# printing on waterproof/nylon jackets print is lifting



## jess211989 (Nov 20, 2013)

I have had a football jacket contract for the past 3 years. I print onto pro-star, game gear, b&c collection and stanno. 

This year I have had them returned to me as the prints are lifting.
I have been using materials from xpres, ultra cut/nylo flex/super flex/ easy flex/ dark jet 100/ ink jet dark.

They all seem to be lifting. 

These jackets are waterproof 100% polyester and also 100% nylon.

I am being made me look silly to my customer with the prints coming clean off, and no explained reason to why this is happening. 

I do not know if the jackets have changed anything this year/ any thing changed in the inks.

I have lost so much money (and time) investing in new materials and nothing is sticking.

They are not even washing them , they are just falling off letter by letter after wearing for a few hours. 

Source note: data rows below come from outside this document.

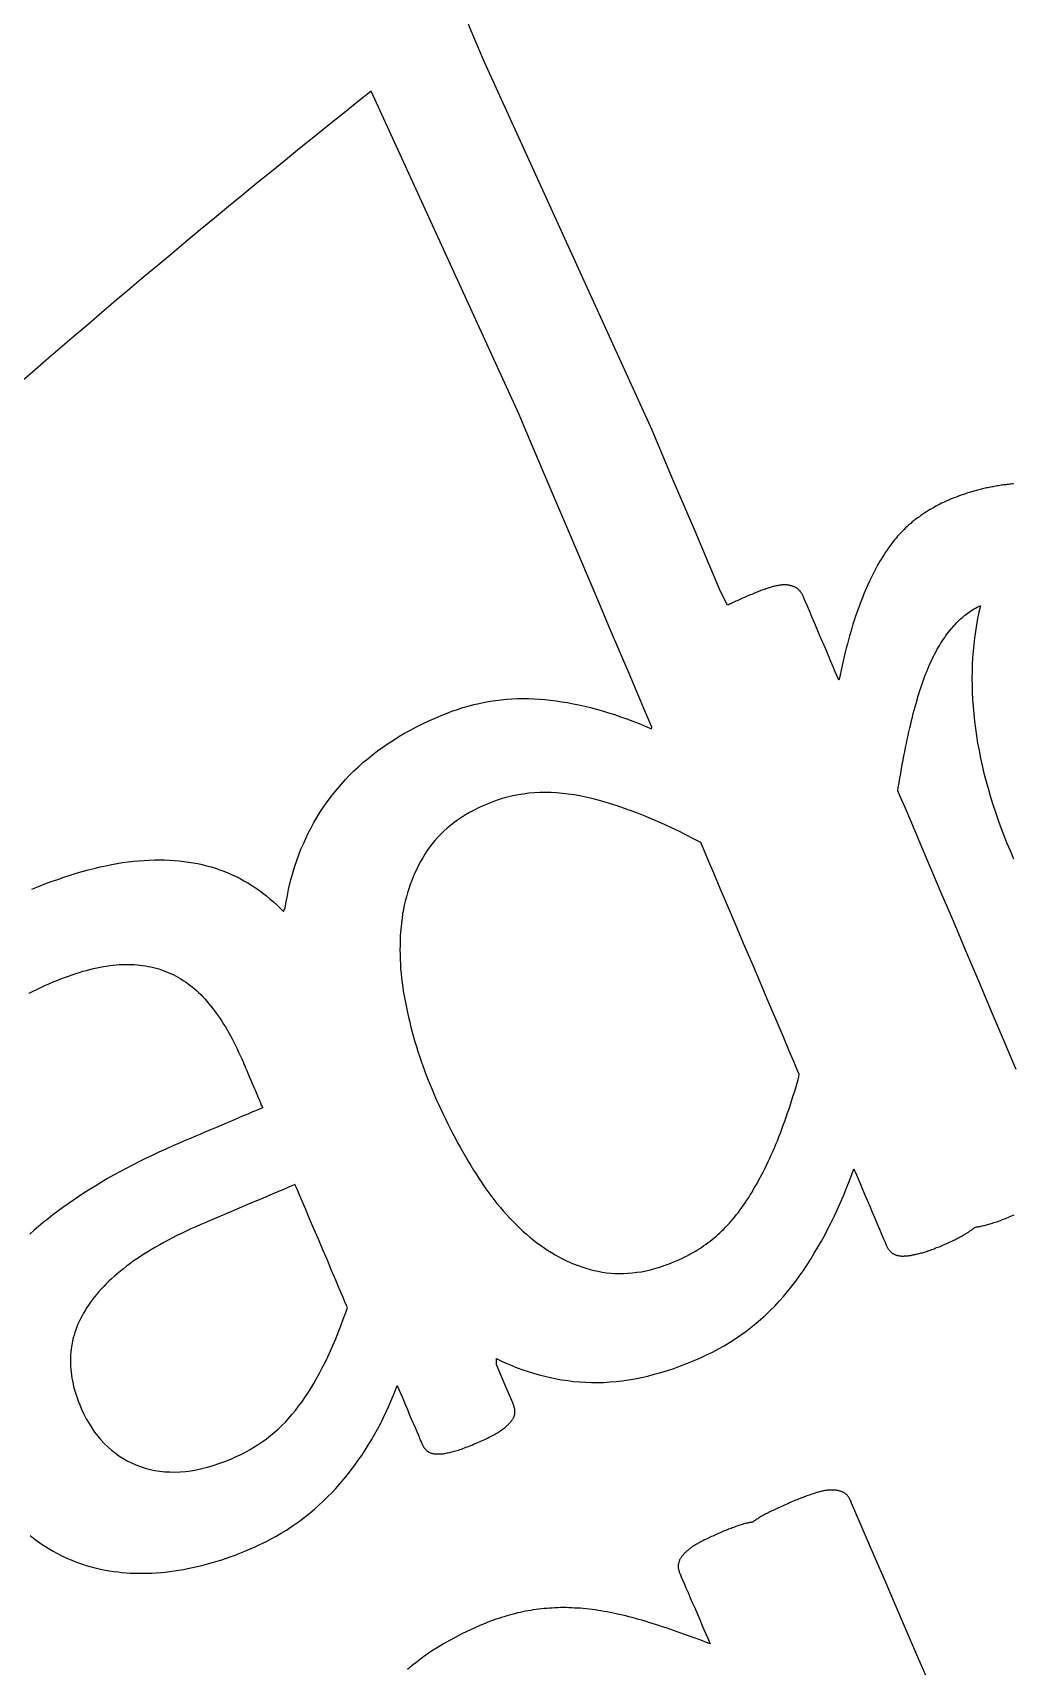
# Model space of a CAD drawing. Header units: millimetres. Extents: x 47 to 159, y 49 to 299.
# Drawn here: x 79.03 to 86.94, y 266.35 to 279.53 of the extents above; entities that cross this region are included whole.
import ezdxf

# ---------------------------------------------------------------- set-up
doc = ezdxf.new("R2010")
doc.units = ezdxf.units.MM

# ---------------------------------------------------------------- blocks, each defined once
blk = doc.blocks.new('angel 01')
for points in [[(-10.791, 249.609, 0.135734), (-52.014, 225.207, 0.13103), (-57.97, 215.669, 0.288509), (-57.025, 211.107, 0.16256), (-53.173, 209.4, 0.102544), (-42.01, 210.994, 0.114246), (-42.156, 197.425, 0.200233), (-30.308, 175.62, 0.04769), (-21.444, 171.117, 0.009521)], [(-43.642, 223.819), (-43.589, 223.84), (-43.537, 223.861), (-43.486, 223.88), (-43.434, 223.898), (-43.384, 223.915), (-43.334, 223.932), (-43.285, 223.947), (-43.236, 223.961), (-43.188, 223.974), (-43.14, 223.987), (-43.093, 223.998), (-43.046, 224.008), (-43.001, 224.017), (-42.955, 224.025), (-42.911, 224.033), (-42.866, 224.039), (-42.823, 224.044), (-42.78, 224.048), (-42.737, 224.051), (-42.695, 224.054), (-42.654, 224.055), (-42.613, 224.055), (-42.573, 224.055), (-42.533, 224.053), (-42.493, 224.051), (-42.454, 224.048), (-42.416, 224.043), (-42.378, 224.038), (-42.341, 224.032), (-42.304, 224.025), (-42.267, 224.017), (-42.232, 224.008), (-42.196, 223.998), (-42.161, 223.988), (-42.127, 223.976), (-42.093, 223.963), (-42.06, 223.95), (-42.027, 223.935), (-41.995, 223.92), (-41.963, 223.904), (-41.931, 223.887), (-41.9, 223.869), (-41.869, 223.85), (-41.839, 223.83), (-41.809, 223.81), (-41.779, 223.788), (-41.75, 223.766), (-41.722, 223.742), (-41.693, 223.718), (-41.665, 223.693), (-41.638, 223.667), (-41.611, 223.64), (-41.598, 223.668), (-41.59, 223.718), (-41.581, 223.767), (-41.571, 223.816), (-41.56, 223.864), (-41.548, 223.912), (-41.535, 223.959), (-41.52, 224.005), (-41.505, 224.051), (-41.488, 224.096), (-41.471, 224.141), (-41.452, 224.185), (-41.433, 224.229), (-41.412, 224.272), (-41.39, 224.314), (-41.367, 224.356), (-41.343, 224.397), (-41.318, 224.437), (-41.292, 224.477), (-41.265, 224.516), (-41.236, 224.555), (-41.207, 224.593), (-41.177, 224.63), (-41.145, 224.667), (-41.112, 224.703), (-41.079, 224.739), (-41.044, 224.773), (-41.008, 224.807), (-40.971, 224.84), (-40.933, 224.872), (-40.893, 224.904), (-40.853, 224.935), (-40.812, 224.965), (-40.769, 224.994), (-40.725, 225.022), (-40.681, 225.05), (-40.635, 225.077), (-40.588, 225.103), (-40.54, 225.129), (-40.49, 225.153), (-40.44, 225.177), (-40.389, 225.2), (-40.34, 225.221), (-40.296, 225.238), (-40.253, 225.255), (-40.209, 225.27), (-40.165, 225.284), (-40.121, 225.296), (-40.077, 225.308), (-40.033, 225.318), (-39.989, 225.327), (-39.945, 225.335), (-39.901, 225.342), (-39.857, 225.348), (-39.813, 225.352), (-39.769, 225.355), (-39.725, 225.357), (-39.68, 225.358), (-39.636, 225.358), (-39.592, 225.356), (-39.548, 225.353), (-39.503, 225.35), (-39.458, 225.345), (-39.413, 225.339), (-39.368, 225.332), (-39.322, 225.325), (-39.276, 225.316), (-39.229, 225.306), (-39.182, 225.296), (-39.135, 225.284), (-39.087, 225.271), (-39.039, 225.258), (-38.991, 225.243), (-38.942, 225.228), (-38.893, 225.211), (-38.843, 225.194), (-38.794, 225.175), (-38.743, 225.156), (-38.693, 225.135), (-38.642, 225.114), (-38.64, 225.126), (-38.665, 225.184), (-38.705, 225.278), (-38.759, 225.405), (-38.824, 225.559), (-38.899, 225.735), (-38.981, 225.929), (-39.069, 226.135), (-39.16, 226.35), (-39.252, 226.566), (-39.343, 226.781), (-39.431, 226.989), (-39.514, 227.184), (-39.59, 227.363), (-39.657, 227.52), (-39.712, 227.65), (-40.905, 230.259, 0.027479), (-47.978, 223.968)]]:
    blk.add_lwpolyline(points, format="xyb")
for points in [[(-36.401, 217.406), (-36.494, 217.622), (-36.586, 217.835), (-36.675, 218.042), (-36.759, 218.237), (-36.835, 218.415), (-36.903, 218.571), (-36.959, 218.702), (-37.002, 218.801), (-37.029, 218.864), (-37.039, 218.887), (-37.041, 218.891), (-37.043, 218.895), (-37.045, 218.9), (-37.047, 218.903), (-37.049, 218.907), (-37.052, 218.911), (-37.054, 218.915), (-37.057, 218.918), (-37.059, 218.921), (-37.062, 218.925), (-37.065, 218.928), (-37.068, 218.931), (-37.071, 218.934), (-37.074, 218.936), (-37.077, 218.939), (-37.08, 218.942), (-37.083, 218.944), (-37.087, 218.946), (-37.09, 218.948), (-37.094, 218.95), (-37.097, 218.952), (-37.101, 218.954), (-37.105, 218.956), (-37.11, 218.957), (-37.114, 218.959), (-37.118, 218.96), (-37.123, 218.962), (-37.128, 218.963), (-37.133, 218.964), (-37.138, 218.965), (-37.143, 218.966), (-37.148, 218.967), (-37.154, 218.968), (-37.159, 218.968), (-37.165, 218.969), (-37.171, 218.969), (-37.177, 218.97), (-37.183, 218.97), (-37.19, 218.97), (-37.196, 218.97), (-37.203, 218.97), (-37.21, 218.969), (-37.217, 218.969), (-37.224, 218.968), (-37.231, 218.967), (-37.239, 218.966), (-37.246, 218.965), (-37.254, 218.963), (-37.262, 218.962), (-37.27, 218.96), (-37.278, 218.958), (-37.287, 218.956), (-37.295, 218.954), (-37.304, 218.951), (-37.313, 218.949), (-37.322, 218.946), (-37.331, 218.943), (-37.34, 218.94), (-37.35, 218.937), (-37.359, 218.933), (-37.369, 218.93), (-37.379, 218.926), (-37.39, 218.922), (-37.4, 218.918), (-37.411, 218.914), (-37.422, 218.91), (-37.433, 218.906), (-37.445, 218.901), (-37.457, 218.897), (-37.468, 218.892), (-37.481, 218.887), (-37.493, 218.882), (-37.505, 218.877), (-37.518, 218.871), (-37.531, 218.866), (-37.544, 218.86), (-37.557, 218.854), (-37.57, 218.849), (-37.582, 218.843), (-37.594, 218.838), (-37.606, 218.832), (-37.618, 218.827), (-37.63, 218.822), (-37.641, 218.817), (-37.652, 218.811), (-37.662, 218.806), (-37.673, 218.801), (-37.683, 218.796), (-37.693, 218.791), (-37.703, 218.786), (-37.712, 218.782), (-37.721, 218.777), (-37.73, 218.772), (-37.739, 218.767), (-37.747, 218.763), (-37.756, 218.758), (-37.764, 218.754), (-37.771, 218.749), (-37.779, 218.744), (-37.786, 218.739), (-37.794, 218.735), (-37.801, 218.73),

I have had my heat press re-calibrated too. 

I use a company called xpres and have never faulted them before, but every time I ring them they say try a different material and its costing me a fortune, for the jackets to come back to me. 

Please help me out.


----------



## proworlded (Oct 3, 2006)

Sounds like the fabric will not hold any type heat applied material. Possibly screen printing is the way to go.


----------



## jess211989 (Nov 20, 2013)

There must be a way though, that you can heat transfer onto these jackets.


----------



## lrsbranding (Aug 6, 2011)

My guess would be the waterproofing. Have you wiped the application area with rubbing alcohol before applying? The manufacturer may have changed the type of waterproofing so you could be out of luck. I have seen Teflon sealants that you can't get rid of.


----------



## jess211989 (Nov 20, 2013)

I have just had this reply from my ink supplier...

No vinyl can be guaranteed to adhere to such jackets as the vinyls are designed to adhere directly to the Nylon, cotton or polyester and not a coating. 99% of jackets we come across have some type of outer coating designed to repel water.

If the Nylo Flex is lifting it sounds likely to me that there is a coating causing durability problems, in which case you may continue to see the problem. Unfortunately without testing the Multi Flex on these jackets it is difficult to know how durable the product will be, again it all comes down to the jackets exterior.

Im not sure where to go from here.... or do I give the jackets and money back and say sorry I cannot complete this due to the waterproofing of the jackets.


----------



## lrsbranding (Aug 6, 2011)

Rubbing Alcohol is the only thing I know of to try. You could try the spot remover used in screen printing. I have never tried to use it for removing waterproofing. If nothing works to remove the waterproofing and the specs from where you ordered them say nothing about decoration restrictions then I would return them to the supplier for a refund due to the fact they are not able to be decorated and they did not disclose that.


----------



## lrsbranding (Aug 6, 2011)

With the new hydrophobic chemicals that are being used embroidery may be the only solution. So if the garment says waterproof we make sure the customer is aware that it may not work.


----------



## jess211989 (Nov 20, 2013)

just an update- I have contacted suppliers of jackets and they have not changed anything in the waterproofing. I have tried heat pressing with multi flex which can go on polyester and nylon and this has lifted after one wash this morning.
There is nothing on their website that says their vinyls may not stick to waterproof materials. 
Shall I admit defeat and give up or is there anything else I can try?
Many thanks


----------



## sudomark3 (Oct 22, 2013)

The nylon agent is urethane glue so only add the nylon agent to a batch of plastisol you’ll be using because the ink will harden in about a day making it useless for future runs.


----------



## Printcess Jen (Mar 5, 2013)

Hi, just seen this post and thought i'd tell you that I have been having the same problem, first it was embroidered badges that press on and they fell off so we had to have them embroidered on and now it seems that the vinyl which was especially for nylon materials has lifted off, most after washing but some are also lifting without washing. This has been a real learning curve for me and also quite stressful, however luckily the customer is quite understanding with the issues we are having, they have only had a few jackets back but i imagine the problem will arise in the future when they start getting washed

I agree that many suppliers do not tell you that the product is not guaranteed to stay on if there is a waterproof coating and this seems to be the case. 

If you find any more information about this then i'd be interested to hear about it!

For now, for my future orders i have had to use a disclaimer stating that due to the material being coated there is no guarantee that it will stay on so we will just have to wait and see the outcome.

Good luck!


----------



## jess211989 (Nov 20, 2013)

I have just seen you message Jen, I do feel your pain. but am so happy you to know it was not just me. It has been very stressfull for me with having over 150-200 jackets. I am just putting togeter a disclaimer now as website is having a re-vamp. Did you manage to find anything else regrading this issue?


----------